In our research, we found that the white wing patches of both butterflies and damselflies had a very strong ultraviolet component. While butterflies produced this colour thanks to the microstructure of certain wing scales, damselflies, however, overconcentrate wax filaments on their wings.
These waxes are generally present at smaller densities in most species of damselflies and dragonflies, offering a waterproofing layer. However, our damselflies have increased the thickness of the layer and the size of the wax filaments where the white wing patch is located. The white wing patches were also found to be perceived as similar by birds (using mathematical models that estimate colour perception), adding more evidence to the use of this trait as an aposematic signal. We also studied bird predation in the field, using replicas of butterflies and damselflies. These replicas had a plasticine body and plastic wings covered in wax. You can count the bird predation attempts because birds leave V-shaped marks on the plasticine and wax of the replicas. The replicas without any white patch were the most attacked by birds, while the replicas with ultraviolet reflecting white patches were the least attacked, confirming our hypothesis that the white patch is indeed an aposematic signal that guides bird predation decisions. What makes this system even more interesting is that the ultraviolet-reflective wing patches are relatively uncommon in butterflies, and that aposematic colours in animals are usually based on yellow, orange and red.
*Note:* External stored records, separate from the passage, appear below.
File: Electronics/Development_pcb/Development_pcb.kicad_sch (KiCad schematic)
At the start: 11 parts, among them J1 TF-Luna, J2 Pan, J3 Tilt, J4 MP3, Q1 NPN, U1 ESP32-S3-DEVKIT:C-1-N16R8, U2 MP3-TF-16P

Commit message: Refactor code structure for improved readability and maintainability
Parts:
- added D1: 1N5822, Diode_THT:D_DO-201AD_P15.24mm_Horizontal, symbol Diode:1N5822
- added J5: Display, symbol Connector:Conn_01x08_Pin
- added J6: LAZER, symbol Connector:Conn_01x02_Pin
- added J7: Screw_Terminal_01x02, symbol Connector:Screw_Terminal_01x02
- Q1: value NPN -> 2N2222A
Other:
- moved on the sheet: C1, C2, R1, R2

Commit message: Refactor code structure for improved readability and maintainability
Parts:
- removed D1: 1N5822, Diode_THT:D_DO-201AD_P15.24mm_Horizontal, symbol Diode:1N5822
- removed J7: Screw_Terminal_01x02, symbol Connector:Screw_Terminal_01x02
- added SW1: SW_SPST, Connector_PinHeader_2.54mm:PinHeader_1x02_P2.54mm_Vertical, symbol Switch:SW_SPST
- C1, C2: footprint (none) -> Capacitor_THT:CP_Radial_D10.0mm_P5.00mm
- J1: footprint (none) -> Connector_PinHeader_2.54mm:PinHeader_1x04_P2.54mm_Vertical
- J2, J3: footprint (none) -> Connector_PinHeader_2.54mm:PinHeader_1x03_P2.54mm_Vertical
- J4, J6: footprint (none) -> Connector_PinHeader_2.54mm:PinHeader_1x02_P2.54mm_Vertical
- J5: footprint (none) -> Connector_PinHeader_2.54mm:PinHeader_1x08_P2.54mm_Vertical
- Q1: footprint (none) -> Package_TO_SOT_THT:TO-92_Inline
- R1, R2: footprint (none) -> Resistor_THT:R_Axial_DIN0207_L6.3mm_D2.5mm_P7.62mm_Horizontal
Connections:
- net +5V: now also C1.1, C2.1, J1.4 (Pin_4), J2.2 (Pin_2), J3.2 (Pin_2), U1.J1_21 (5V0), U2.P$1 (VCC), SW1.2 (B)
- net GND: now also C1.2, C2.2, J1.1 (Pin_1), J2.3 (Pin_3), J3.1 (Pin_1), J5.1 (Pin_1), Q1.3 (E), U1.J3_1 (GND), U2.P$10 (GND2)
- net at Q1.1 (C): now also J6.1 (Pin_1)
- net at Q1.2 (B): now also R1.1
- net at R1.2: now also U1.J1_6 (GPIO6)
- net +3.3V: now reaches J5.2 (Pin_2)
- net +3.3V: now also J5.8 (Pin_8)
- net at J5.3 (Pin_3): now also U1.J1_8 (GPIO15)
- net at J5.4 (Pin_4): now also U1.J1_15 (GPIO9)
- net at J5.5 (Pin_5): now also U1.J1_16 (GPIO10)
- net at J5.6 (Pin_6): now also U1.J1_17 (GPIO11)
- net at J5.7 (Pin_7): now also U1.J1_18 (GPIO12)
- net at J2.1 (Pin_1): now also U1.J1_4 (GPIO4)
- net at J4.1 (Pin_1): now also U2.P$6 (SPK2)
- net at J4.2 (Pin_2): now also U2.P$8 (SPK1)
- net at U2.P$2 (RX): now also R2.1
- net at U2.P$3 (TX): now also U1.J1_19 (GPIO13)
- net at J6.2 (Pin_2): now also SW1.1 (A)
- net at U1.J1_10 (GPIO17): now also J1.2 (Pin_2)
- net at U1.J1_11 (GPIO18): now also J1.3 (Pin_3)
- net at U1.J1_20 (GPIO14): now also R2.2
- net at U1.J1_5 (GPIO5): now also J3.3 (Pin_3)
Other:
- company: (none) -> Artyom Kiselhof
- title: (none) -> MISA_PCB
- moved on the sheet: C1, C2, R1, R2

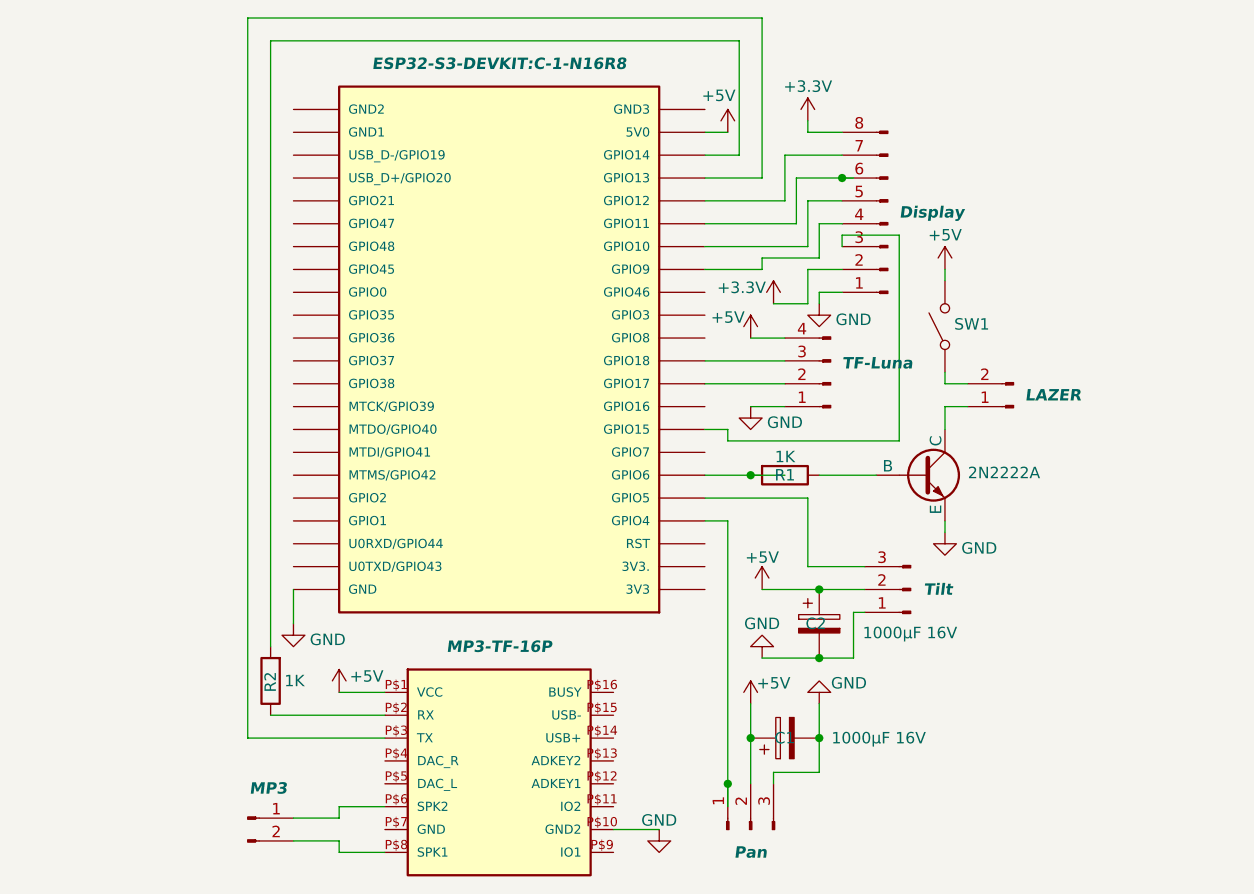
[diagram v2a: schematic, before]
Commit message: Add .DS_Store files and ERC report for Development PCB
- Created .DS_Store files in Electronics and Electronics/Development_pcb directories to store custom Finder attributes.
- Added ERC report (ERC.rpt) for the Development PCB, highlighting errors related to unconnected power pins and pin type mismatches.
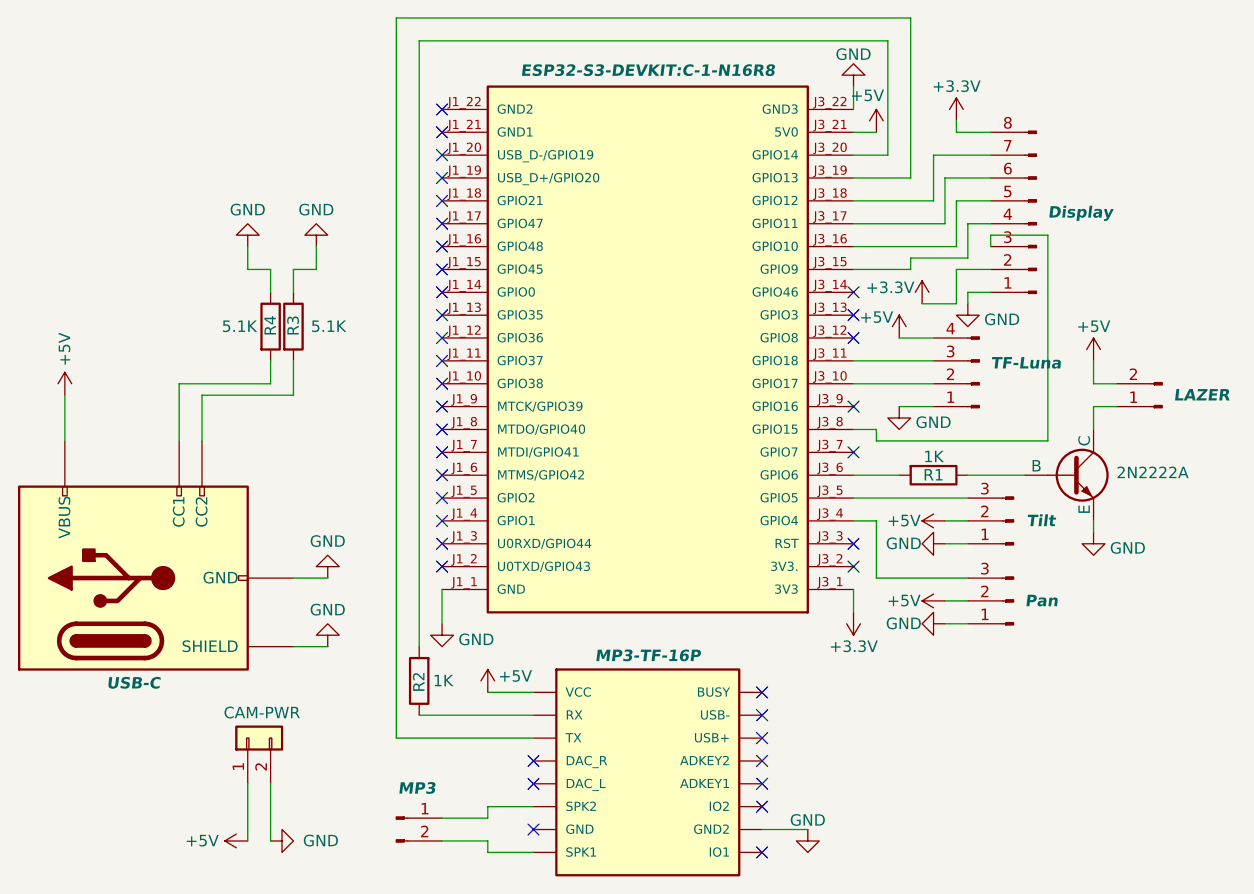
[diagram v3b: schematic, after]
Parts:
- removed C1, C2: 1000µF 16V, Capacitor_THT:CP_Radial_D10.0mm_P5.00mm, symbol Device:C_Polarized
- removed SW1: SW_SPST, Connector_PinHeader_2.54mm:PinHeader_1x02_P2.54mm_Vertical, symbol Switch:SW_SPST
- added J7: CAM-PWR, Connector_PinHeader_2.54mm:PinHeader_1x02_P2.54mm_Vertical, symbol Connector_Generic:Conn_01x02
- added J8: USB-C, Connector_USB:USB_C_Receptacle_HRO_TYPE-C-31-M-12, symbol Connector:USB_C_Receptacle_PowerOnly_6P
- added R3, R4: 5.1K, Resistor_THT:R_Axial_DIN0207_L6.3mm_D2.5mm_P7.62mm_Horizontal, symbol Device:R
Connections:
- net +3.3V: now also U1.J3_1 (3V3)
- net +5V: now also J6.2 (Pin_2), U1.J3_21 (5V0), J7.1 (Pin_1), J8.A9 (VBUS), J8.B9 (VBUS); no longer U1.J1_21 (5V0)
- net GND: now also J2.1 (Pin_1), U1.J1_1 (GND), U1.J3_22 (GND3), J7.2 (Pin_2), J8.A12 (GND), J8.B12 (GND), J8.SH (SHIELD), R3.1, R4.1; no longer J2.3 (Pin_3), U1.J3_1 (GND)
- net at R1.2: now also U1.J3_6 (GPIO6); no longer U1.J1_6 (GPIO6)
- net at J5.3 (Pin_3): now also U1.J3_8 (GPIO15); no longer U1.J1_8 (GPIO15)
- net at J5.4 (Pin_4): now also U1.J3_15 (GPIO9); no longer U1.J1_15 (GPIO9)
- net at J5.5 (Pin_5): now also U1.J3_16 (GPIO10); no longer U1.J1_16 (GPIO10)
- net at J5.6 (Pin_6): now also U1.J3_17 (GPIO11); no longer U1.J1_17 (GPIO11)
- net at J5.7 (Pin_7): now also U1.J3_18 (GPIO12); no longer U1.J1_18 (GPIO12)
- net at U1.J1_4 (GPIO1): no longer J2.1 (Pin_1)
- net at U2.P$3 (TX): now also U1.J3_19 (GPIO13); no longer U1.J1_19 (GPIO13)
- net at U1.J1_10 (GPIO38): no longer J1.2 (Pin_2)
- net at U1.J1_11 (GPIO37): no longer J1.3 (Pin_3)
- net at U1.J1_20 (USB_D-/GPIO19): no longer R2.2
- net at U1.J1_5 (GPIO2): no longer J3.3 (Pin_3)
- net at U1.J3_10 (GPIO17): now also J1.2 (Pin_2)
- net at U1.J3_11 (GPIO18): now also J1.3 (Pin_3)
- net at U1.J3_20 (GPIO14): now also R2.2
- net at U1.J3_4 (GPIO4): now also J2.3 (Pin_3)
- net at U1.J3_5 (GPIO5): now also J3.3 (Pin_3)
- new net: J8.A5 (CC1), R4.2
- new net: J8.B5 (CC2), R3.2
- no-connect marks 0 -> 38
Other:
- moved on the sheet: R1, R2

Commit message: changes
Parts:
- removed J1: TF-Luna, Connector_PinHeader_2.54mm:PinHeader_1x04_P2.54mm_Vertical, symbol Connector:Conn_01x04_Pin
- removed J2: Pan, Connector_PinHeader_2.54mm:PinHeader_1x03_P2.54mm_Vertical, symbol Connector:Conn_01x03_Pin
- removed J3: Tilt, Connector_PinHeader_2.54mm:PinHeader_1x03_P2.54mm_Vertical, symbol Connector:Conn_01x03_Pin
- removed J4: MP3, Connector_PinHeader_2.54mm:PinHeader_1x02_P2.54mm_Vertical, symbol Connector:Conn_01x02_Pin
- removed J5: Display, Connector_PinHeader_2.54mm:PinHeader_1x08_P2.54mm_Vertical, symbol Connector:Conn_01x08_Pin
- removed J6: LAZER, Connector_PinHeader_2.54mm:PinHeader_1x02_P2.54mm_Vertical, symbol Connector:Conn_01x02_Pin
- removed J7: CAM-PWR, Connector_PinHeader_2.54mm:PinHeader_1x02_P2.54mm_Vertical, symbol Connector_Generic:Conn_01x02
- removed J8: USB-C, Connector_USB:USB_C_Receptacle_HRO_TYPE-C-31-M-12, symbol Connector:USB_C_Receptacle_PowerOnly_6P
- removed Q1: 2N2222A, Package_TO_SOT_THT:TO-92_Inline, symbol Simulation_SPICE:NPN
- removed R1, R2: 1K, Resistor_THT:R_Axial_DIN0207_L6.3mm_D2.5mm_P7.62mm_Horizontal, symbol Device:R
- removed R3, R4: 5.1K, Resistor_THT:R_Axial_DIN0207_L6.3mm_D2.5mm_P7.62mm_Horizontal, symbol Device:R
- added C1: 1000µF, Capacitor_THT:CP_Radial_D10.0mm_P5.00mm, symbol Device:C_Polarized_Small
- added C2, C5: 100nF, Capacitor_THT:C_Disc_D5.0mm_W2.5mm_P5.00mm, symbol Device:C_Small
- added C3, C4: 470µF, Capacitor_THT:CP_Radial_D8.0mm_P3.50mm, symbol Device:C_Polarized_Small
- added D1: SA5.0A, Diode_THT:D_DO-15_P10.16mm_Horizontal, symbol Device:D_TVS_Small
- added D2: 1N5819, Diode_THT:D_DO-41_SOD81_P10.16mm_Horizontal, symbol Device:D_Schottky_Small
- added F1: Polyfuse, Capacitor_THT:C_Disc_D5.0mm_W2.5mm_P5.00mm, symbol Device:Polyfuse_Small
- added J1: Pan-Servo, Connector_PinHeader_2.54mm:PinHeader_1x03_P2.54mm_Vertical, symbol Connector_Generic:Conn_01x03
- added J2: Tilt-Servo, Connector_PinHeader_2.54mm:PinHeader_1x03_P2.54mm_Vertical, symbol Connector_Generic:Conn_01x03
- added J3: cam-power, Connector_JST:JST_XH_B2B-XH-A_1x02_P2.50mm_Vertical, symbol Connector_Generic:Conn_01x02
- added J4: laser-power, Connector_JST:JST_XH_B2B-XH-A_1x02_P2.50mm_Vertical, symbol Connector_Generic:Conn_01x02
- added J5: SPEAKER, Connector_JST:JST_XH_B2B-XH-A_1x02_P2.50mm_Vertical, symbol Connector_Generic:Conn_01x02
- added J6: TFT_display, Connector_JST:JST_XH_B8B-XH-A_1x08_P2.50mm_Vertical, symbol Connector_Generic:Conn_01x08
- added J7: lidar-TOF, Connector_PinHeader_2.54mm:PinHeader_1x04_P2.54mm_Vertical, symbol Connector_Generic:Conn_01x04
- added J8: USB_C_IN, TerminalBlock_Phoenix:TerminalBlock_Phoenix_MKDS-3-2-5.08_1x02_P5.08mm_Horizontal, symbol Connector:Screw_Terminal_01x02
- added Q1: PN2222A, Package_TO_SOT_THT:TO-92_Inline, symbol Transistor_BJT:Q_NPN_EBC
- added R3: 1k, Resistor_THT:R_Axial_DIN0207_L6.3mm_D2.5mm_P10.16mm_Horizontal, symbol Device:R_Small
- added R4: 1kΩ, Resistor_THT:R_Axial_DIN0207_L6.3mm_D2.5mm_P10.16mm_Horizontal, symbol Device:R_Small
- U1: value ESP32-S3-DEVKIT:C-1-N16R8 -> ESP32-S3-DEVKITC-1-N8R8; footprint ESP32-S3-DEVKITC-1-N8R8:ESP32-S3-DEVKITC-1-N8R8 -> Development_pcb:ESP32-S3-DevKitC-1_Socket; Description_1 The ESP32-S3-DEVKITC-1-N8R8 from Espressif Systems is a dev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 -> (none)
- U2: Description_1 MP3 player module data sheet -> (none)
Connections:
- net +3.3V is gone; now on net GND: U1.J3_1 (GND)
- net +5V: now also C1.1, C2.1, C3.1, C4.1, C5.1, D1.1 (A1), D2.2 (A), F1.2, J1.2 (Pin_2), J2.2 (Pin_2), J3.2 (Pin_2), J4.2 (Pin_2), J7.4 (Pin_4); no longer U1.J3_21 (5V0)
- net GND: now also U1.J1_22 (GND3), U1.J3_21 (GND1), U2.P$7 (GND), C1.2, C2.2, C3.2, C4.2, C5.2, D1.2 (A2), J1.1 (Pin_1), J2.1 (Pin_1), J3.1 (Pin_1), J6.7 (Pin_7), J7.1 (Pin_1), J8.1 (Pin_1), Q1.1 (E); no longer U1.J1_1 (GND)
- net SPK2: now reaches U2.P$6 (SPK2)
- net SPK2: now also J5.2 (Pin_2)
- net SPK1: now reaches U2.P$8 (SPK1)
- net SPK1: now also J5.1 (Pin_1)
- net at U2.P$2 (RX): now also R3.2
- net at U1.J3_19 (USB_D+/GPIO20): no longer U2.P$3 (TX)
- net ESP_TO_LIDAR: now reaches U1.J1_10 (GPIO17)
- net ESP_TO_LIDAR: now also J7.3 (Pin_3)
- net PAN_PWM: now reaches U1.J1_15 (GPIO9)
- net PAN_PWM: now also J1.3 (Pin_3)
- net TILT_PWM: now reaches U1.J1_16 (GPIO10)
- net TILT_PWM: now also J2.3 (Pin_3)
- net DF_RX: now reaches U1.J1_19 (GPIO13)
- net DF_RX: now also R3.1
- net DF_TX: now reaches U1.J1_20 (GPIO14)
- net DF_TX: now also U2.P$3 (TX)
- net at U1.J1_21 (5V0): now also D2.1 (K)
- net TFT_SCK: now reaches U1.J1_4 (GPIO4)
- net TFT_SCK: now also J6.2 (Pin_2)
- net TFT_MOSI: now reaches U1.J1_5 (GPIO5)
- net TFT_MOSI: now also J6.3 (Pin_3)
- net TFT_DC: now reaches U1.J1_6 (GPIO6)
- net TFT_DC: now also J6.4 (Pin_4)
- net TFT_RST: now reaches U1.J1_7 (GPIO7)
- net TFT_RST: now also J6.5 (Pin_5)
- net TFT_CS: now reaches U1.J1_8 (GPIO15)
- net TFT_CS: now also J6.6 (Pin_6)
- net LIDAR_TO_ESP: now reaches U1.J1_9 (GPIO16)
- net LIDAR_TO_ESP: now also J7.2 (Pin_2)
- net LASER_CTRL: now reaches U1.J3_5 (GPIO2)
- net LASER_CTRL: now also R4.1
- new net: Q1.2 (B), R4.2
- new net: F1.1, J8.2 (Pin_2)
- new net: J4.1 (Pin_1), Q1.3 (C)
- new net +3V3: J6.1 (Pin_1), J6.8 (Pin_8), U1.J1_1 (3V3)
- no-connect marks 38 -> 35
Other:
- title: MISA_PCB -> MISA-PCB

We also studied linear flight of these animals within a long mesh tube and found that butterflies and damselflies largely overlap in wing-beat frequency (how many times they flap their wings per unit of time), and partially in flight speed. We then went back to the forest and set up a large field insectarium where we recorded the flight of butterflies and damselflies using three simultaneous cameras. Although we are still analysing the data obtained, it seems that mimic damselflies show similarities to model butterflies in flight trajectory (e.g., sinuosity, acceleration, speed), especially for female damselflies. Female damselflies are considered “poorer” mimics, since they do not have as much white pigmentation. Are they compensating the less accurate colour mimicry by resembling more their flight style?
We will need further research to answer that question. I hope you now appreciate more Polythoridae damselflies and glasswing butterflies, a fascinating example that illustrates the complexity of natural selection, where mimicry targets colour vision channels out of reach for the human eye, and possibly extends not only to colour, but also to flight.